= John A. Lucy =

American linguist and psychologist

John A. Lucy is an American linguist and psychologist. His work primarily concerns the relations between language and cognition, especially the hypothesis of linguistic relativity. He is the William Benton Professor in the Department of Comparative Human Development and the Department of Psychology at the University of Chicago. Lucy has worked extensively with the Yucatec Maya language, specializing in the system of noun classification.

==Research==
John Lucy is a modern proponent of the linguistic relativity hypothesis. He has argued for a weak version of this hypothesis as a result of his comparative studies between the grammars of English and Mayan Yucatec.
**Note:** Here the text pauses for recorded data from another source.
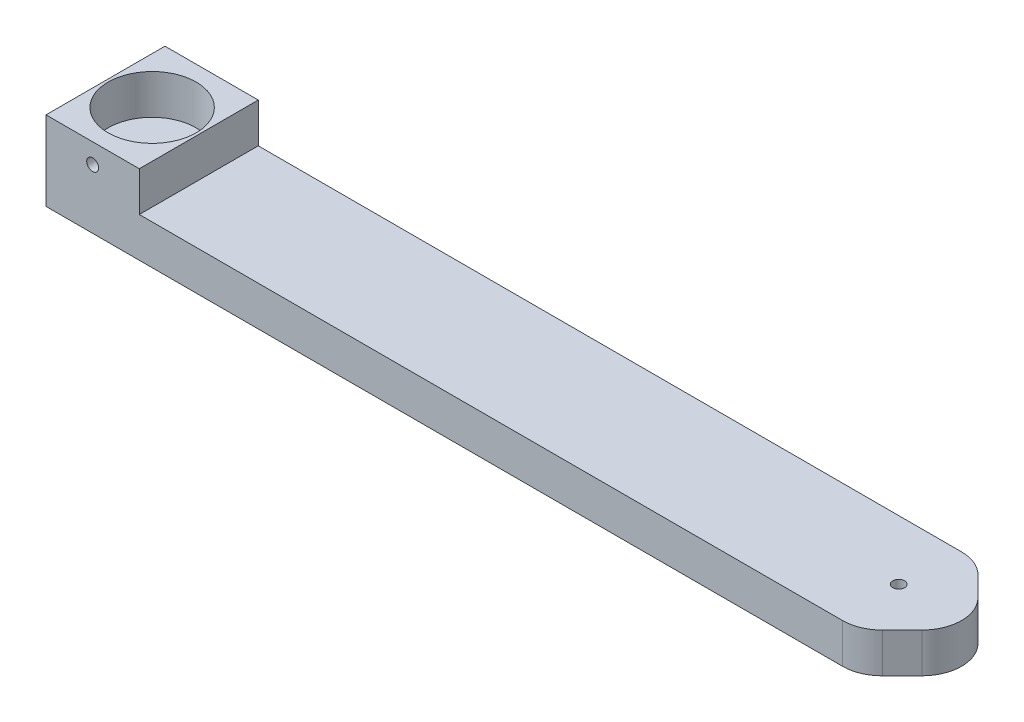
ISO-10303-21;
HEADER;
FILE_DESCRIPTION(('STEP AP214'),'2;1');
FILE_NAME('part.step','',(''),(''),'','','');
FILE_SCHEMA(('AUTOMOTIVE_DESIGN { 1 0 10303 214 1 1 1 1 }'));
ENDSEC;
DATA;
#1=APPLICATION_CONTEXT('core data for automotive mechanical design processes');
#2=APPLICATION_PROTOCOL_DEFINITION('international standard','automotive_design',2000,#1);
#3=PRODUCT_CONTEXT('',#1,'mechanical');
#4=PRODUCT('Part','Part','',(#3));
#5=PRODUCT_RELATED_PRODUCT_CATEGORY('part','',(#4));
#6=PRODUCT_DEFINITION_FORMATION('','',#4);
#7=PRODUCT_DEFINITION_CONTEXT('part definition',#1,'design');
#8=PRODUCT_DEFINITION('design','',#6,#7);
#9=PRODUCT_DEFINITION_SHAPE('','',#8);
#10=(LENGTH_UNIT() NAMED_UNIT(*) SI_UNIT(.MILLI.,.METRE.));
#11=(NAMED_UNIT(*) PLANE_ANGLE_UNIT() SI_UNIT($,.RADIAN.));
#12=(NAMED_UNIT(*) SI_UNIT($,.STERADIAN.) SOLID_ANGLE_UNIT());
#13=UNCERTAINTY_MEASURE_WITH_UNIT(LENGTH_MEASURE(1.E-05),#10,'distance_accuracy_value','');
#14=(GEOMETRIC_REPRESENTATION_CONTEXT(3) GLOBAL_UNCERTAINTY_ASSIGNED_CONTEXT((#13)) GLOBAL_UNIT_ASSIGNED_CONTEXT((#10,
#11,#12)) REPRESENTATION_CONTEXT('',''));
#15=CARTESIAN_POINT('',(0.,0.,0.));
#16=DIRECTION('',(0.,0.,1.));
#17=DIRECTION('',(1.,0.,0.));
#18=AXIS2_PLACEMENT_3D('',#15,#16,#17);
#19=CARTESIAN_POINT('',(0.,10.,0.));
#20=DIRECTION('',(0.,-1.,0.));
#21=DIRECTION('',(0.,0.,-1.));
#22=AXIS2_PLACEMENT_3D('',#19,#20,#21);
#23=PLANE('',#22);
#24=CARTESIAN_POINT('',(90.,10.,0.));
#25=DIRECTION('',(0.,-1.,0.));
#26=DIRECTION('',(0.,0.,-1.));
#27=AXIS2_PLACEMENT_3D('',#24,#25,#26);
#28=CIRCLE('',#27,1.5);
#29=CARTESIAN_POINT('',(90.,10.,-1.5));
#30=VERTEX_POINT('',#29);
#31=EDGE_CURVE('E194',#30,#30,#28,.T.);
#32=ORIENTED_EDGE('',*,*,#31,.T.);
#33=EDGE_LOOP('',(#32));
#34=FACE_BOUND('',#33,.T.);
#35=DIRECTION('',(0.707106781186548,0.,0.707106781186547));
#36=VECTOR('',#35,1.);
#37=CARTESIAN_POINT('',(55.,10.,-55.));
#38=LINE('',#37,#36);
#39=CARTESIAN_POINT('',(97.9289321881346,10.,-12.0710678118655));
#40=VERTEX_POINT('',#39);
#41=CARTESIAN_POINT('',(102.928932188135,10.,-7.07106781186548));
#42=VERTEX_POINT('',#41);
#43=EDGE_CURVE('E271',#40,#42,#38,.T.);
#44=ORIENTED_EDGE('',*,*,#43,.F.);
#45=CARTESIAN_POINT('',(90.8578643762691,10.,-5.));
#46=DIRECTION('',(0.,-1.,0.));
#47=DIRECTION('',(0.,0.,-1.));
#48=AXIS2_PLACEMENT_3D('',#45,#46,#47);
#49=CIRCLE('',#48,10.);
#50=CARTESIAN_POINT('',(90.8578643762691,10.,-15.));
#51=VERTEX_POINT('',#50);
#52=EDGE_CURVE('E315',#40,#51,#49,.F.);
#53=ORIENTED_EDGE('',*,*,#52,.T.);
#54=DIRECTION('',(-1.,0.,0.));
#55=VECTOR('',#54,1.);
#56=CARTESIAN_POINT('',(-110.,10.,-15.));
#57=LINE('',#56,#55);
#58=CARTESIAN_POINT('',(-86.4763084279896,10.,-15.));
#59=VERTEX_POINT('',#58);
#60=EDGE_CURVE('E165',#51,#59,#57,.T.);
#61=ORIENTED_EDGE('',*,*,#60,.T.);
#62=DIRECTION('',(0.,0.,-1.));
#63=VECTOR('',#62,1.);
#64=CARTESIAN_POINT('',(-86.4763084279896,10.,0.));
#65=LINE('',#64,#63);
#66=CARTESIAN_POINT('',(-86.4763084279896,10.,15.));
#67=VERTEX_POINT('',#66);
#68=EDGE_CURVE('E238',#67,#59,#65,.T.);
#69=ORIENTED_EDGE('',*,*,#68,.F.);
#70=DIRECTION('',(1.,0.,0.));
#71=VECTOR('',#70,1.);
#72=CARTESIAN_POINT('',(-110.,10.,15.));
#73=LINE('',#72,#71);
#74=CARTESIAN_POINT('',(90.8578643762691,10.,15.));
#75=VERTEX_POINT('',#74);
#76=EDGE_CURVE('E154',#67,#75,#73,.T.);
#77=ORIENTED_EDGE('',*,*,#76,.T.);
#78=CARTESIAN_POINT('',(90.8578643762691,10.,5.));
#79=DIRECTION('',(0.,-1.,0.));
#80=DIRECTION('',(0.,0.,-1.));
#81=AXIS2_PLACEMENT_3D('',#78,#79,#80);
#82=CIRCLE('',#81,10.);
#83=CARTESIAN_POINT('',(97.9289321881346,10.,12.0710678118655));
#84=VERTEX_POINT('',#83);
#85=EDGE_CURVE('E307',#75,#84,#82,.F.);
#86=ORIENTED_EDGE('',*,*,#85,.T.);
#87=DIRECTION('',(-0.707106781186548,0.,0.707106781186548));
#88=VECTOR('',#87,1.);
#89=CARTESIAN_POINT('',(55.,10.,55.));
#90=LINE('',#89,#88);
#91=CARTESIAN_POINT('',(102.928932188135,10.,7.07106781186546));
#92=VERTEX_POINT('',#91);
#93=EDGE_CURVE('E265',#92,#84,#90,.T.);
#94=ORIENTED_EDGE('',*,*,#93,.F.);
#95=CARTESIAN_POINT('',(95.8578643762691,10.,0.));
#96=DIRECTION('',(0.,-1.,0.));
#97=DIRECTION('',(0.,0.,-1.));
#98=AXIS2_PLACEMENT_3D('',#95,#96,#97);
#99=CIRCLE('',#98,10.);
#100=EDGE_CURVE('E306',#92,#42,#99,.F.);
#101=ORIENTED_EDGE('',*,*,#100,.T.);
#102=EDGE_LOOP('',(#44,#53,#61,#69,#77,#86,#94,#101));
#103=FACE_BOUND('',#102,.T.);
#104=ADVANCED_FACE('F45',(#34,#103),#23,.F.);
#105=CARTESIAN_POINT('',(-110.,10.,-15.));
#106=DIRECTION('',(0.,0.,1.));
#107=DIRECTION('',(1.,0.,0.));
#108=AXIS2_PLACEMENT_3D('',#105,#106,#107);
#109=PLANE('',#108);
#110=ORIENTED_EDGE('',*,*,#60,.F.);
#111=DIRECTION('',(0.,1.,0.));
#112=VECTOR('',#111,1.);
#113=CARTESIAN_POINT('',(90.8578643762691,10.,-15.));
#114=LINE('',#113,#112);
#115=CARTESIAN_POINT('',(90.8578643762691,0.,-15.));
#116=VERTEX_POINT('',#115);
#117=EDGE_CURVE('E297',#51,#116,#114,.F.);
#118=ORIENTED_EDGE('',*,*,#117,.T.);
#119=DIRECTION('',(-1.,0.,0.));
#120=VECTOR('',#119,1.);
#121=CARTESIAN_POINT('',(-110.,0.,-15.));
#122=LINE('',#121,#120);
#123=CARTESIAN_POINT('',(-110.,0.,-15.));
#124=VERTEX_POINT('',#123);
#125=EDGE_CURVE('E156',#116,#124,#122,.T.);
#126=ORIENTED_EDGE('',*,*,#125,.T.);
#127=DIRECTION('',(0.,-1.,0.));
#128=VECTOR('',#127,1.);
#129=CARTESIAN_POINT('',(-110.,10.,-15.));
#130=LINE('',#129,#128);
#131=CARTESIAN_POINT('',(-110.,20.,-15.));
#132=VERTEX_POINT('',#131);
#133=EDGE_CURVE('E178',#132,#124,#130,.T.);
#134=ORIENTED_EDGE('',*,*,#133,.F.);
#135=DIRECTION('',(-1.,0.,0.));
#136=VECTOR('',#135,1.);
#137=CARTESIAN_POINT('',(0.,20.,-15.));
#138=LINE('',#137,#136);
#139=CARTESIAN_POINT('',(-86.4763084279896,20.,-15.));
#140=VERTEX_POINT('',#139);
#141=EDGE_CURVE('E138',#140,#132,#138,.T.);
#142=ORIENTED_EDGE('',*,*,#141,.F.);
#143=DIRECTION('',(0.,-1.,0.));
#144=VECTOR('',#143,1.);
#145=CARTESIAN_POINT('',(-86.4763084279896,20.,-15.));
#146=LINE('',#145,#144);
#147=EDGE_CURVE('E133',#140,#59,#146,.T.);
#148=ORIENTED_EDGE('',*,*,#147,.T.);
#149=EDGE_LOOP('',(#110,#118,#126,#134,#142,#148));
#150=FACE_BOUND('',#149,.T.);
#151=ADVANCED_FACE('F220',(#150),#109,.F.);
#152=CARTESIAN_POINT('',(-110.,10.,15.));
#153=DIRECTION('',(1.,0.,0.));
#154=DIRECTION('',(0.,0.,-1.));
#155=AXIS2_PLACEMENT_3D('',#152,#153,#154);
#156=PLANE('',#155);
#157=DIRECTION('',(0.,0.,1.));
#158=VECTOR('',#157,1.);
#159=CARTESIAN_POINT('',(-110.,0.,15.));
#160=LINE('',#159,#158);
#161=CARTESIAN_POINT('',(-110.,0.,15.));
#162=VERTEX_POINT('',#161);
#163=EDGE_CURVE('E160',#124,#162,#160,.T.);
#164=ORIENTED_EDGE('',*,*,#163,.T.);
#165=DIRECTION('',(0.,-1.,0.));
#166=VECTOR('',#165,1.);
#167=CARTESIAN_POINT('',(-110.,10.,15.));
#168=LINE('',#167,#166);
#169=CARTESIAN_POINT('',(-110.,20.,15.));
#170=VERTEX_POINT('',#169);
#171=EDGE_CURVE('E170',#170,#162,#168,.T.);
#172=ORIENTED_EDGE('',*,*,#171,.F.);
#173=DIRECTION('',(0.,0.,1.));
#174=VECTOR('',#173,1.);
#175=CARTESIAN_POINT('',(-110.,20.,0.));
#176=LINE('',#175,#174);
#177=EDGE_CURVE('E145',#132,#170,#176,.T.);
#178=ORIENTED_EDGE('',*,*,#177,.F.);
#179=ORIENTED_EDGE('',*,*,#133,.T.);
#180=EDGE_LOOP('',(#164,#172,#178,#179));
#181=FACE_BOUND('',#180,.T.);
#182=ADVANCED_FACE('F225',(#181),#156,.F.);
#183=CARTESIAN_POINT('',(-110.,10.,15.));
#184=DIRECTION('',(0.,0.,-1.));
#185=DIRECTION('',(-1.,0.,0.));
#186=AXIS2_PLACEMENT_3D('',#183,#184,#185);
#187=PLANE('',#186);
#188=CARTESIAN_POINT('',(-98.2381542139948,15.,15.));
#189=DIRECTION('',(0.,0.,1.));
#190=DIRECTION('',(1.,0.,0.));
#191=AXIS2_PLACEMENT_3D('',#188,#189,#190);
#192=CIRCLE('',#191,1.5);
#193=CARTESIAN_POINT('',(-96.7381542139948,15.,15.));
#194=VERTEX_POINT('',#193);
#195=EDGE_CURVE('E193',#194,#194,#192,.T.);
#196=ORIENTED_EDGE('',*,*,#195,.F.);
#197=EDGE_LOOP('',(#196));
#198=FACE_BOUND('',#197,.T.);
#199=DIRECTION('',(1.,0.,0.));
#200=VECTOR('',#199,1.);
#201=CARTESIAN_POINT('',(-110.,0.,15.));
#202=LINE('',#201,#200);
#203=CARTESIAN_POINT('',(90.8578643762691,0.,15.));
#204=VERTEX_POINT('',#203);
#205=EDGE_CURVE('E168',#162,#204,#202,.T.);
#206=ORIENTED_EDGE('',*,*,#205,.T.);
#207=DIRECTION('',(0.,1.,0.));
#208=VECTOR('',#207,1.);
#209=CARTESIAN_POINT('',(90.8578643762691,10.,15.));
#210=LINE('',#209,#208);
#211=EDGE_CURVE('E11',#204,#75,#210,.T.);
#212=ORIENTED_EDGE('',*,*,#211,.T.);
#213=ORIENTED_EDGE('',*,*,#76,.F.);
#214=DIRECTION('',(0.,-1.,0.));
#215=VECTOR('',#214,1.);
#216=CARTESIAN_POINT('',(-86.4763084279896,20.,15.));
#217=LINE('',#216,#215);
#218=CARTESIAN_POINT('',(-86.4763084279896,20.,15.));
#219=VERTEX_POINT('',#218);
#220=EDGE_CURVE('E131',#219,#67,#217,.T.);
#221=ORIENTED_EDGE('',*,*,#220,.F.);
#222=DIRECTION('',(1.,0.,0.));
#223=VECTOR('',#222,1.);
#224=CARTESIAN_POINT('',(0.,20.,15.));
#225=LINE('',#224,#223);
#226=EDGE_CURVE('E139',#170,#219,#225,.T.);
#227=ORIENTED_EDGE('',*,*,#226,.F.);
#228=ORIENTED_EDGE('',*,*,#171,.T.);
#229=EDGE_LOOP('',(#206,#212,#213,#221,#227,#228));
#230=FACE_BOUND('',#229,.T.);
#231=ADVANCED_FACE('F152',(#198,#230),#187,.F.);
#232=CARTESIAN_POINT('',(0.,0.,0.));
#233=DIRECTION('',(0.,-1.,0.));
#234=DIRECTION('',(0.,0.,-1.));
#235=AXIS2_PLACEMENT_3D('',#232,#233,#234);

One of the experiments that he has carried out goes as follows: He showed a series of objects to native speakers of each language, showing them a single object in first place and two different objects afterwards. Participants then had to choose which of the latter two they found was the most similar to the first one. Lucy noticed that native speakers of English would usually choose an object according to its shape, whereas Yucatec speakers would take into account what matter the object was made of. Thus, if for example, they were shown a cardboard box, English speakers would usually choose a box-like object as the most similar one, whereas Yucatec speakers would prefer to choose any object made of cardboard, regardless of its shape. Lucy attributed these results to the presence of nominal classifiers in Mayan Yucatec: every time the noun is preceded by a numeral, these nominal classifiers are placed between the numeral and the noun, and their function is to specify what the shape of the noun is like. Therefore, the noun, when not accompanied by a classifier, is seen by Yucatec speakers as a shapeless entity, as opposed to English speakers, who understand the object as something already shaped. Thus, different languages would entail different ways to conceptualize reality, therefore determining a different ontology.

==Books==
- 1992. Language Diversity and Thought (Cambridge)
- 1992. Grammatical Categories and Cognition (Cambridge)
- 1993. Reflexive Language: Reported Speech and Metapragmatics (Cambridge)

==Major articles==
- 1979. Whorf and his critics: Linguistic and nonlinguistic influences on color memory. (With Richard Shweder.) American Anthropologist 81(3): 581–615. Reprinted in R. W. Casson (ed.), Language, Culture, and Cognition, New York: Macmillan Publishing Co., 1981, pp. 133–63
- 1988. The effects of incidental conversation on memory for focal colors. (With Richard Shweder.) American Anthropologist 90(4): 923–31.
- 1994. The role of semantic value in lexical comparison: Motion and position roots in Yucatec Maya. Linguistics 32(4/5): 623–656. (Special issue "Space in Mayan Languages" edited by J. Haviland and S. Levinson.)
- 1996. The scope of linguistic relativity: An analysis and review of empirical research. J.J. Gumperz and S.C. Levinson (eds.), Rethinking Linguistic Relativity. Cambridge: Cambridge University Press, pp. 37–69.
- 1997. Linguistic relativity. Annual Review of Anthropology 26: 291–312.
- 1992, Language Diversity and Thought: A Reformulation of the Linguistic Relativity Hypothesis. Cambridge: Cambridge University Press.
- 1992, Grammatical Categories and Cognition: A Case Study of the Linguistic Relativity Hypothesis. Cambridge: Cambridge University Press.
- 1993, Reflexive Language: Reported Speech and Metapragmatics. Cambridge: Cambridge University Press. Editor.)
- 2001, Grammatical categories and the development of classification preferences: A comparative approach. (With Suzanne Gaskins.) In S. Levinson and M. Bowerman (eds.), Language Acquisition and Conceptual Development. Cambridge University Press, pp. 257–283.
- 2003, Interaction of language type and referent type in the development of nonverbal classification preferences. (With Suzanne Gaskins.) In D. Gentner and S. Goldin-Meadow (eds.), Language in Mind: Advances in the Study of Language and Thought. Cambridge, MA: MIT Press, pp. 465–492.
- 2004, Language, culture, and mind in comparative perspective. In M. Achard and S. Kemmer (ed.), Language, Culture, and Mind. Stanford, CA: Center for the Study of Language and Information Publications [distributed by the University of Chicago Press], pp. 1–21.